I've had similar issues in the past, although not with our Atlas Cross Sport (fingers crossed we don't in the future). Every time I've had issues like you all are explaining, it has been a tire issue, not a balancing issue. A good tire shop or dealership will be able to tell right away if there is a worn our bearing causing the issue, because an alignment will be impossible to complete. Also they should be easily able to see if the rim is bent, which would cause this issue. This will NOT be a warped rotor issue, as that would /should only be felt under braking. Usually light braking if it's the rear brakes (unless pulling a trailer) and heavy braking if it's the front rotors that are warped. Tires are really the only explanation. 

I'll throw in my personal experience here, which unfortunately for me, has been expensive experience. I've ruined 2 sets of tires (22" All terrain tires, that run about $1,200 a set) somehow to the belts separating on the tires when they have been less than half worn. My only reasonable explanation, and an explanation that is agreed upon by 2 separate tire shops here in my city, is that I cross rotate my tires, therefore causing the belts within the tire to separate or pull apart due to the rotating mass being rotated in a different direction after many thousands of miles. Although most modern tires (made after the mid 70's ) should be capable of spinning any direction (non-directional tire) many times the tires don't perform well if they are cross rotated. My new set of tires I'm only going to rotate front to back, and back to front. No cross rotation, and see what I get. I'm hoping this will fix my issue.
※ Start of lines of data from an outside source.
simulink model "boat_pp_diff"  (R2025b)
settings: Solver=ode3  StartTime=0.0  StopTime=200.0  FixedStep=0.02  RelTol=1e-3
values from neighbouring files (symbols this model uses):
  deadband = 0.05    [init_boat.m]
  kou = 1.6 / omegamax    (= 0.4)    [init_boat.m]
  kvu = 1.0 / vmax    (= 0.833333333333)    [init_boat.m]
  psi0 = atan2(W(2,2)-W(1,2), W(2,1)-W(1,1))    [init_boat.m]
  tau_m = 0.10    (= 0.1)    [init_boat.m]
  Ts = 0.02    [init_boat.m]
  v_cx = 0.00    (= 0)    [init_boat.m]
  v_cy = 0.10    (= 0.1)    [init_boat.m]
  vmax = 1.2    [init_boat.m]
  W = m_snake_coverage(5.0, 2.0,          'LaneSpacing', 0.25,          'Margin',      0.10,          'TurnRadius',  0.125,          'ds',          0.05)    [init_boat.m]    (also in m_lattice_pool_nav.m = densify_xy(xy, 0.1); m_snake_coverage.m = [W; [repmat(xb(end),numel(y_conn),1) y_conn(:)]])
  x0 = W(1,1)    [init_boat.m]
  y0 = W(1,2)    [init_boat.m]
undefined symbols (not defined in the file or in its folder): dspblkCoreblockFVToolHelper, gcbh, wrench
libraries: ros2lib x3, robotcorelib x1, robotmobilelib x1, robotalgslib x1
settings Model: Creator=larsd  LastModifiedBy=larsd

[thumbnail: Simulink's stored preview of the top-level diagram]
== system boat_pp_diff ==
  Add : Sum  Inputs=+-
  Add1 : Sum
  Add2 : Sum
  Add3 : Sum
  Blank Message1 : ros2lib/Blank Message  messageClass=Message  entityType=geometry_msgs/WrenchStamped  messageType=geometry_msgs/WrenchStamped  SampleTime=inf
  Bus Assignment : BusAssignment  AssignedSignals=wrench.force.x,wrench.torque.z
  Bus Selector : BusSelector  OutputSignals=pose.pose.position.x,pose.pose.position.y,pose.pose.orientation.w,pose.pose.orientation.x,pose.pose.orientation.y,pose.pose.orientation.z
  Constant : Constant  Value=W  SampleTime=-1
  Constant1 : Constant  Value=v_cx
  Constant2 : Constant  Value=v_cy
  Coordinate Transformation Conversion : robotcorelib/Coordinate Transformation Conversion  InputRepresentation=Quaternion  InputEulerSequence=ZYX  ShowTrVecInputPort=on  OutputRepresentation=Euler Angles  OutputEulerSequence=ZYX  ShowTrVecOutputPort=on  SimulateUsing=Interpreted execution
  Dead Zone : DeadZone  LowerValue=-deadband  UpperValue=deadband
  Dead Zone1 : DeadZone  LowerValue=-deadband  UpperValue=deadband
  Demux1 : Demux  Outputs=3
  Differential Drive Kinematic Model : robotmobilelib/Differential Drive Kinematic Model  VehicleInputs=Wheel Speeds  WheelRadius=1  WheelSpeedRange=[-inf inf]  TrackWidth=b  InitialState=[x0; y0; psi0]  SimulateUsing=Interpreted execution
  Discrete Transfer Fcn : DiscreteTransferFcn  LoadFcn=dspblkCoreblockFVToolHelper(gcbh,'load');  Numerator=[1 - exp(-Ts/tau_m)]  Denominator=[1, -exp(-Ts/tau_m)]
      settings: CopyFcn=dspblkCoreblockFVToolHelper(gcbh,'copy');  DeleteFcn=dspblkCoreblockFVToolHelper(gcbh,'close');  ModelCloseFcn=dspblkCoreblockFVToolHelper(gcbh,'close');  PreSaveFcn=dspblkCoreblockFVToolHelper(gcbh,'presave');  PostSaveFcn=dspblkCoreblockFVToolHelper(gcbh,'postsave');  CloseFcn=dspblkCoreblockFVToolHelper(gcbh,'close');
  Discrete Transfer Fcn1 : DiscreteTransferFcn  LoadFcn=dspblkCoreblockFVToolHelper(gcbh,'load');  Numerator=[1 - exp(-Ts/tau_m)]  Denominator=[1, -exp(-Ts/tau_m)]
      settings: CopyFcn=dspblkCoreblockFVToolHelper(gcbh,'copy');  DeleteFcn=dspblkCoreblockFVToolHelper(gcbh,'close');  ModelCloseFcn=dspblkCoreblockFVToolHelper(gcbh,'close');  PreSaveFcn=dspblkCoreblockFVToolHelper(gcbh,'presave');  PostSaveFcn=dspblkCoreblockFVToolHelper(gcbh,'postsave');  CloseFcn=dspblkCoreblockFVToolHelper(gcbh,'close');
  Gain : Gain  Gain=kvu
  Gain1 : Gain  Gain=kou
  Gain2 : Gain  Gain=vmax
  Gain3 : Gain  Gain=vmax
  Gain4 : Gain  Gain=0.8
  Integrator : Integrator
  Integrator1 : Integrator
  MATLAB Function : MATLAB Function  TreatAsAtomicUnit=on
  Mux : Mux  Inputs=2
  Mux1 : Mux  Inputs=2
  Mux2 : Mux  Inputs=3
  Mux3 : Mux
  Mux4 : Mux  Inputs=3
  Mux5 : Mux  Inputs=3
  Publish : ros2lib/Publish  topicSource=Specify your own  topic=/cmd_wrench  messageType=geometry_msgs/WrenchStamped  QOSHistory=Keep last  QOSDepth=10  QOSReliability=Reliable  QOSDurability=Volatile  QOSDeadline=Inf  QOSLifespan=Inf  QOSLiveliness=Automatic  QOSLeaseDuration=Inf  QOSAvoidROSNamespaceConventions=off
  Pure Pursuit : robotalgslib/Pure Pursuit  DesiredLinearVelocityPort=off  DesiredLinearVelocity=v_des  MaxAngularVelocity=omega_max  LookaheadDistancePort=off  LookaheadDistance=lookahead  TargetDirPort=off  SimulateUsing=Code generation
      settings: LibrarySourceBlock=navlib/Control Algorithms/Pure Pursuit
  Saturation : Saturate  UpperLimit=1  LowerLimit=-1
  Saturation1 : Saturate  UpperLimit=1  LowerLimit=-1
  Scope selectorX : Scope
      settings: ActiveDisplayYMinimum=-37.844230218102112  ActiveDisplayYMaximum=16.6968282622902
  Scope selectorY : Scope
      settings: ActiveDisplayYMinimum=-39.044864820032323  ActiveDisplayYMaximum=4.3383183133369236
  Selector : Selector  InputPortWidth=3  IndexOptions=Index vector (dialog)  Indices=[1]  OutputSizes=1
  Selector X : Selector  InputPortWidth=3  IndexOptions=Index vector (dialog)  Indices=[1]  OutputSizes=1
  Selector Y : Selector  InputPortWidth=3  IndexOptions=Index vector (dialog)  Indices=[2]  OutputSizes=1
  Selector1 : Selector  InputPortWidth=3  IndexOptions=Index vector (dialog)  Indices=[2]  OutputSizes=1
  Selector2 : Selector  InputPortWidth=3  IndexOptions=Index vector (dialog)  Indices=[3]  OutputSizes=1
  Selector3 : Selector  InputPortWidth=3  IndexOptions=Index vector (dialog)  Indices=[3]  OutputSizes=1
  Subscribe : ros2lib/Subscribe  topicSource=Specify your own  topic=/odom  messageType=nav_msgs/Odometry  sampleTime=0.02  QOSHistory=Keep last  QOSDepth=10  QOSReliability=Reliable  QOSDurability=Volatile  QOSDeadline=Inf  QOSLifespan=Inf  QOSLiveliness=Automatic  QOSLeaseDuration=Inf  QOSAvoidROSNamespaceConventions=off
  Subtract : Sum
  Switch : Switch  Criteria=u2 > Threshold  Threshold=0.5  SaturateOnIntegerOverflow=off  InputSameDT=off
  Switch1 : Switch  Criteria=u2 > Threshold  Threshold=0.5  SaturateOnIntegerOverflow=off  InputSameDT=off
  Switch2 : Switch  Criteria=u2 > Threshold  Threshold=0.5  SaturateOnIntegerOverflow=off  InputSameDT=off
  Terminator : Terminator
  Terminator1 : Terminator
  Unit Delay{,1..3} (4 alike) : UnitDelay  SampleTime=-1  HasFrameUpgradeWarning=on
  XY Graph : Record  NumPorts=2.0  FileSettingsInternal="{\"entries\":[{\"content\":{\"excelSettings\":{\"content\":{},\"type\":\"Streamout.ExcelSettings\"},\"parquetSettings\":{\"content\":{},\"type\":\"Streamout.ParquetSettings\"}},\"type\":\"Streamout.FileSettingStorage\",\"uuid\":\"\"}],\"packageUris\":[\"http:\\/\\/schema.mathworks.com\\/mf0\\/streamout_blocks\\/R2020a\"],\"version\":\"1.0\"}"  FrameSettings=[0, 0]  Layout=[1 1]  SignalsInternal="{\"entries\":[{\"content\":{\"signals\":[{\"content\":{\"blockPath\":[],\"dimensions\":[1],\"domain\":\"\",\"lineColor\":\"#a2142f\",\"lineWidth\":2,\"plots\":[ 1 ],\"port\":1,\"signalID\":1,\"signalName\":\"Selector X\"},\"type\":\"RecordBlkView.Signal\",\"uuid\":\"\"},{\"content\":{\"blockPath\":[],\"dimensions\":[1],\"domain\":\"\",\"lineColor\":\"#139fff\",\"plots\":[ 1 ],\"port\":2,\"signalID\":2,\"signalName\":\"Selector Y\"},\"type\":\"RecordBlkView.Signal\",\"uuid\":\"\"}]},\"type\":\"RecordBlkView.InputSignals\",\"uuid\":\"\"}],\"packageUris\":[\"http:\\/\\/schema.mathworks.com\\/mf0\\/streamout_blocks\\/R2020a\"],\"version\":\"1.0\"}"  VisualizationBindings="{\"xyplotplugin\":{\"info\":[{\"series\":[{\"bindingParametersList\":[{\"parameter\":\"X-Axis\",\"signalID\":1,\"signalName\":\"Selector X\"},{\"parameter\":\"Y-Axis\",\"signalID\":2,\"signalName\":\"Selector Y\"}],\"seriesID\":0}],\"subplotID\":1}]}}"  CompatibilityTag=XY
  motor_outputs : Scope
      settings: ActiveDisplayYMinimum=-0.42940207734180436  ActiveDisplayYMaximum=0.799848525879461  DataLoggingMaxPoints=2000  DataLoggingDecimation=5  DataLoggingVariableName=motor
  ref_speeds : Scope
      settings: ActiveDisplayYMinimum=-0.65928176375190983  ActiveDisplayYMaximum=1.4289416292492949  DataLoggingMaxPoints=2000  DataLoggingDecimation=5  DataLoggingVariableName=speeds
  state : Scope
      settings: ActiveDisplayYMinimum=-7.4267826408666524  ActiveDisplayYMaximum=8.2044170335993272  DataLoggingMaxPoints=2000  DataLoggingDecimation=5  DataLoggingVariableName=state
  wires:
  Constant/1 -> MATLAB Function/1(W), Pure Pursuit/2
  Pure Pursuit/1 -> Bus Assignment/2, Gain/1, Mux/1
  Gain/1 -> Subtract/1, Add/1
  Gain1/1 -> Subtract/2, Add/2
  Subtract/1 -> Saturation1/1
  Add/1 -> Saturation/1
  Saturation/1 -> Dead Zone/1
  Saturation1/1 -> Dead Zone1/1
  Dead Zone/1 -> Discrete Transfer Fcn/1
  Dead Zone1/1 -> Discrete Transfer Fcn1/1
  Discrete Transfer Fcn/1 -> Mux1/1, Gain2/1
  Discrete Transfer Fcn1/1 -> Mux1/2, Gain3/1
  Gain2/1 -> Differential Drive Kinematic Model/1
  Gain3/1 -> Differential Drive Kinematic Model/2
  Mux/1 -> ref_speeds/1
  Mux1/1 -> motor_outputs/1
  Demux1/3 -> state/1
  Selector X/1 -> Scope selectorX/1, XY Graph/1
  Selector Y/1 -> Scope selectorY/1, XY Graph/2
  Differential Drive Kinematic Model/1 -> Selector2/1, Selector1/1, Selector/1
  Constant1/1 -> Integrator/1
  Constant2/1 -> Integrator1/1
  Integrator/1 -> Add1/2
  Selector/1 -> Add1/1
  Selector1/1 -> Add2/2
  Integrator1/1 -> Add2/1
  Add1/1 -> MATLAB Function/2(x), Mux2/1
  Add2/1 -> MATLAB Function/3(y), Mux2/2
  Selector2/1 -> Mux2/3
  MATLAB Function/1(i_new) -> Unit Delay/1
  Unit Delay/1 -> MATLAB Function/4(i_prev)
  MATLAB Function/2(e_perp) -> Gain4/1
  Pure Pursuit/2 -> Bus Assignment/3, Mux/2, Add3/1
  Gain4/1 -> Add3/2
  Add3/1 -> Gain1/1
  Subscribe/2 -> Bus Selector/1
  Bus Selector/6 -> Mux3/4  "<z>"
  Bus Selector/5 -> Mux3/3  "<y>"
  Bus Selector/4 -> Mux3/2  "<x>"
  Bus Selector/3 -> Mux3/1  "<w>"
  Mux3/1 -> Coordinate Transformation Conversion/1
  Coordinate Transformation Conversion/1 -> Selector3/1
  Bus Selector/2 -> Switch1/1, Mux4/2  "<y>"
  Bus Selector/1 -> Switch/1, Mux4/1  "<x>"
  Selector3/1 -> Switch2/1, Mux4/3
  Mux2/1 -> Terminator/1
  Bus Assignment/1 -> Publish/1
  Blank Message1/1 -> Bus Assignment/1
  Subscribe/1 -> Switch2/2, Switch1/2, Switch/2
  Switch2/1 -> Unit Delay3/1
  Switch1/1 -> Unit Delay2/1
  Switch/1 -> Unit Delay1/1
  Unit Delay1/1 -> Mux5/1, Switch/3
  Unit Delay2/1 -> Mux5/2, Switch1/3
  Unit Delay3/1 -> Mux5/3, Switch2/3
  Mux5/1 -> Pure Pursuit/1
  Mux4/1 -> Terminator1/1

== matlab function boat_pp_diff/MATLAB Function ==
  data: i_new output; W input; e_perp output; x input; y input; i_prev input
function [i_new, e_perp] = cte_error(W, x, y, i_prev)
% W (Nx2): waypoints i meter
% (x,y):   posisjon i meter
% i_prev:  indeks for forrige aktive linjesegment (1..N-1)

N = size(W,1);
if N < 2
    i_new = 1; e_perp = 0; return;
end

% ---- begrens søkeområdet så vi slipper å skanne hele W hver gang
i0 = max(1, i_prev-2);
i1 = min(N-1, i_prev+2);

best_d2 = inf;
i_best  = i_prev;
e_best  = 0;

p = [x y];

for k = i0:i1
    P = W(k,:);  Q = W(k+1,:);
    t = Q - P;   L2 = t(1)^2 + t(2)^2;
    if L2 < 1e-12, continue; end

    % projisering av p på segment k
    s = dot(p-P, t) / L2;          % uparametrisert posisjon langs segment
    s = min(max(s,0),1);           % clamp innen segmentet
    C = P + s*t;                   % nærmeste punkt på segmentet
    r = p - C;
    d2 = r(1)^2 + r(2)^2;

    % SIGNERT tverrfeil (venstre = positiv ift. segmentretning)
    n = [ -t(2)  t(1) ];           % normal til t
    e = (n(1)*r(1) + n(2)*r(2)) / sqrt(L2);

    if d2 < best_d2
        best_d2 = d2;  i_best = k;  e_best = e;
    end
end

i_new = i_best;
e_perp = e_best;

My point being (sorry for throwing in my story, but I believe it's relevant) is that all of the above explained issues sound to me like bad tires, which have tread or belt separation. I noticed on our Cross Sport SEL R-Line with 4motion, has text on the tires that say "outside" which tells me that the tire manufacturer wants them rotated in a specific direction. Maybe the tires on your Atlases have been cross rotated, and now the belts are separating. 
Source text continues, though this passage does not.